== Task objective ==
Return all lines from the listing below in which "blind" appears.

== Input data ==

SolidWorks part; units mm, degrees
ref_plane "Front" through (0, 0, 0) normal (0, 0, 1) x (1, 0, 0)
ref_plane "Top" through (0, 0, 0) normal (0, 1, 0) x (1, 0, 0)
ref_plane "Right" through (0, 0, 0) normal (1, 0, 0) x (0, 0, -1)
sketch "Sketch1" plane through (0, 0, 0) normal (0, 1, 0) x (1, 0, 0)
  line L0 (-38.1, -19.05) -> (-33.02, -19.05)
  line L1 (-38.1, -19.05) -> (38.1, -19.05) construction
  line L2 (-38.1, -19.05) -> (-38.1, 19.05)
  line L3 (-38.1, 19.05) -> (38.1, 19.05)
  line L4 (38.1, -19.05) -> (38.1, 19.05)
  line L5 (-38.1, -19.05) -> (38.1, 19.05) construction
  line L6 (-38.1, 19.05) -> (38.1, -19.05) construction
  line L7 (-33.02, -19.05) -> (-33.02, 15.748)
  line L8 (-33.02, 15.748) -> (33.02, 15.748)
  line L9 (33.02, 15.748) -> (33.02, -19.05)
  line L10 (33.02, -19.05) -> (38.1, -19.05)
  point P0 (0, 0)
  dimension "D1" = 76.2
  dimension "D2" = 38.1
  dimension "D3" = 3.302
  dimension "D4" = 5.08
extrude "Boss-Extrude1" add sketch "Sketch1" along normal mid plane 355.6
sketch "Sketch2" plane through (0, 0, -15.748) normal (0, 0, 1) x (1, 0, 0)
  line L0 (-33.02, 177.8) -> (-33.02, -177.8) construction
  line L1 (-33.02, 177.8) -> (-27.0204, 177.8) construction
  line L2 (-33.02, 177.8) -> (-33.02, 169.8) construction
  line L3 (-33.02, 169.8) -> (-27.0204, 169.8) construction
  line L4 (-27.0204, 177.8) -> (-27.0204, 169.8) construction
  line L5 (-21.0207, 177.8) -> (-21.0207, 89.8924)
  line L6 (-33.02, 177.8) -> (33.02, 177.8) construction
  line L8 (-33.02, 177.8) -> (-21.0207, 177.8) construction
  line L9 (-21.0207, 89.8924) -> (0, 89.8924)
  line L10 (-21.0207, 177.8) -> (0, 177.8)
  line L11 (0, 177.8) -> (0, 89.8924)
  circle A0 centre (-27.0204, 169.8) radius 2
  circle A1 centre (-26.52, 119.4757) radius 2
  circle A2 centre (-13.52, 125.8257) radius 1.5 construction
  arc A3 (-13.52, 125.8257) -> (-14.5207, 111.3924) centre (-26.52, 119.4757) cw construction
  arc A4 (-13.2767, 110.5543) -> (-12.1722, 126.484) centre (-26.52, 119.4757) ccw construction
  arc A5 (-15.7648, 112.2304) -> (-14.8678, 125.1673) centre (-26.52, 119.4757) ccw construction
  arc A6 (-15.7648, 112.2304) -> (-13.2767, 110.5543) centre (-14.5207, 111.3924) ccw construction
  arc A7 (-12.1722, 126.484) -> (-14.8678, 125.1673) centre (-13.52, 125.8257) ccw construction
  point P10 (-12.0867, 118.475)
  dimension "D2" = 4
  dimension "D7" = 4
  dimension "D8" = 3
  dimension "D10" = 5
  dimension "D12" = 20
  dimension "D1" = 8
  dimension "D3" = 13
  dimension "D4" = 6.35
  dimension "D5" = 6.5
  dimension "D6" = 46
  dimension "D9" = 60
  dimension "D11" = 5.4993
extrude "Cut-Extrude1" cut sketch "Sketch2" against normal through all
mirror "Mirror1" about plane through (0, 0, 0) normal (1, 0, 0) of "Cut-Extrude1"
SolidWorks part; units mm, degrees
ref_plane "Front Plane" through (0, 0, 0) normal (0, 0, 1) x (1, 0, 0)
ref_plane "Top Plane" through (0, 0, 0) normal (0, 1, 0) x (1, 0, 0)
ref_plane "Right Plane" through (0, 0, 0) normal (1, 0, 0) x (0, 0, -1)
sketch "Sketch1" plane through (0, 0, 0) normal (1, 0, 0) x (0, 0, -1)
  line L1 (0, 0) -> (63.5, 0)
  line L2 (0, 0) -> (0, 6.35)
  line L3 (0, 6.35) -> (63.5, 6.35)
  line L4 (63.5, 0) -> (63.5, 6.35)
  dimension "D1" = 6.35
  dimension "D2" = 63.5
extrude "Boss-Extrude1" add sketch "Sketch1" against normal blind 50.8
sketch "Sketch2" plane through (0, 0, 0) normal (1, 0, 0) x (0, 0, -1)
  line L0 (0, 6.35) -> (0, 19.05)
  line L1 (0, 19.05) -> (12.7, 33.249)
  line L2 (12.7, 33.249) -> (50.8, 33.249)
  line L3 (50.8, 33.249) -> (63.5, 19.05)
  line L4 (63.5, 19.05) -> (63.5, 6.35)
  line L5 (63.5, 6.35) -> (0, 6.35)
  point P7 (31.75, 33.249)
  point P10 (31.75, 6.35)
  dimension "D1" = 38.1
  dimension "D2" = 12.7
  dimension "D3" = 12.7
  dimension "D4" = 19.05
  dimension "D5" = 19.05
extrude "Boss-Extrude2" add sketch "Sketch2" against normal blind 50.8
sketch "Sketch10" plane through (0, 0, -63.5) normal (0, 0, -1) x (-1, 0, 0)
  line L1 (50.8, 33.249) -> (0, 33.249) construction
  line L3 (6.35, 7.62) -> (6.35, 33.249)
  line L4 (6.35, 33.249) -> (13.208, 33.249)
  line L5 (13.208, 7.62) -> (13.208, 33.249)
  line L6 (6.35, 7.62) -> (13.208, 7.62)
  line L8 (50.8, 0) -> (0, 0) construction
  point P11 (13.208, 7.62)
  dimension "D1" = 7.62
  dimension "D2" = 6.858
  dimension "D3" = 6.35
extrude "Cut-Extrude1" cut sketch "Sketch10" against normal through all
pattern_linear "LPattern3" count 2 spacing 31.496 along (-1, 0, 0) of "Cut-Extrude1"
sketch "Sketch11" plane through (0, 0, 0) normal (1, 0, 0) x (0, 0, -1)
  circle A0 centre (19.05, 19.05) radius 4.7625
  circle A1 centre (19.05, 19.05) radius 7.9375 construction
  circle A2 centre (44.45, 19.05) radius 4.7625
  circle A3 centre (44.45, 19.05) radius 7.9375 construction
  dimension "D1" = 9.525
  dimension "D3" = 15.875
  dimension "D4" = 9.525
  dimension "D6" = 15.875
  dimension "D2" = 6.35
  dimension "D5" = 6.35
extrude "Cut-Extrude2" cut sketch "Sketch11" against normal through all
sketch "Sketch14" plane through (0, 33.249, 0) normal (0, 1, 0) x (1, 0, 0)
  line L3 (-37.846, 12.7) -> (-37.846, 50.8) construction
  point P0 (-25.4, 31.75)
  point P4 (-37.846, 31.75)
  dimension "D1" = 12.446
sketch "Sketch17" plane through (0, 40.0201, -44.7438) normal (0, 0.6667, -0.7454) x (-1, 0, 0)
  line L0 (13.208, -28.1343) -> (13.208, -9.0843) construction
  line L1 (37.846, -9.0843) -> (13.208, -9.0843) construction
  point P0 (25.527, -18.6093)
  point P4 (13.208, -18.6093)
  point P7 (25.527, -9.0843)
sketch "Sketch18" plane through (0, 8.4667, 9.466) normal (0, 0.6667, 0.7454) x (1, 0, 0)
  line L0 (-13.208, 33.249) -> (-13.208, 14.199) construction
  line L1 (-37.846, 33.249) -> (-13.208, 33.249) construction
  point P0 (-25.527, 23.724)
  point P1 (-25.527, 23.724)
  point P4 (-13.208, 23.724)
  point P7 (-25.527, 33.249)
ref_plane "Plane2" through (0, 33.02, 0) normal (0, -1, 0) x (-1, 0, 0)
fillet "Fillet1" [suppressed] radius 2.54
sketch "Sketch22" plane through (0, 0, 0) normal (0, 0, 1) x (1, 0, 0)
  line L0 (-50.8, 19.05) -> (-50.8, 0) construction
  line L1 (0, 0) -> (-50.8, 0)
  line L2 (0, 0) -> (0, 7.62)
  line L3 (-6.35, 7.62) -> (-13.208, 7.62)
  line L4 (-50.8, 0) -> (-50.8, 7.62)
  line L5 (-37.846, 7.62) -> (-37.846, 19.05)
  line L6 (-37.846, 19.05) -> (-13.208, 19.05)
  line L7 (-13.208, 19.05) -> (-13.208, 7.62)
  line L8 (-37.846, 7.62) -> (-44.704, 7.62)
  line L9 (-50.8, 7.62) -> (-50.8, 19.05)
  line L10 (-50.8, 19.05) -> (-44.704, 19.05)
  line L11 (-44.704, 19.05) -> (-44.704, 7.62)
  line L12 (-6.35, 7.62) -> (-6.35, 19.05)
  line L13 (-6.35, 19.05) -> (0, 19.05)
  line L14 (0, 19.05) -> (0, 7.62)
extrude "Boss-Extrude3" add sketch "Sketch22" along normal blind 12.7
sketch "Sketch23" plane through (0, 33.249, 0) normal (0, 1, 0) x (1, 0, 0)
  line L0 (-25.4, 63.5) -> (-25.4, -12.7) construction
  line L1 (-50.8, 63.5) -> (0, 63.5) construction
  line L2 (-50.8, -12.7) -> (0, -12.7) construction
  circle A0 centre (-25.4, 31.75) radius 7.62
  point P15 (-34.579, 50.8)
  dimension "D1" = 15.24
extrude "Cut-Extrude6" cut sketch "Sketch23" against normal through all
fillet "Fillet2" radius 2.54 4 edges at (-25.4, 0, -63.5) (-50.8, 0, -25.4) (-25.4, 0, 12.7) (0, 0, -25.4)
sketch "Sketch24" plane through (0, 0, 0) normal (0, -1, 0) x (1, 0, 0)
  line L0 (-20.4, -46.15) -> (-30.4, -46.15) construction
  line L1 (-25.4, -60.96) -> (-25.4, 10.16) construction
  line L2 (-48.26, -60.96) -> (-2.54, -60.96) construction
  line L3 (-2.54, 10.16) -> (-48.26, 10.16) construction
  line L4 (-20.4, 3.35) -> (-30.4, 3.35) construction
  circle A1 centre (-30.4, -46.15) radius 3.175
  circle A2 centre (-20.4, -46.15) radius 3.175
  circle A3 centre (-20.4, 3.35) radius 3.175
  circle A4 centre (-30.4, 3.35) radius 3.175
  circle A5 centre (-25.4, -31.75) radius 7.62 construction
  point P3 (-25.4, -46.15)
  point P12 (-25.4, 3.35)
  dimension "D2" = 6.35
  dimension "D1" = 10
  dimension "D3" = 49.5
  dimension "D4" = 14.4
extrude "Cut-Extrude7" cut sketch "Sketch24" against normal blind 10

== Written solution ==
extrude "Boss-Extrude1" add sketch "Sketch1" against normal blind 50.8
extrude "Boss-Extrude2" add sketch "Sketch2" against normal blind 50.8
extrude "Boss-Extrude3" add sketch "Sketch22" along normal blind 12.7
extrude "Cut-Extrude7" cut sketch "Sketch24" against normal blind 10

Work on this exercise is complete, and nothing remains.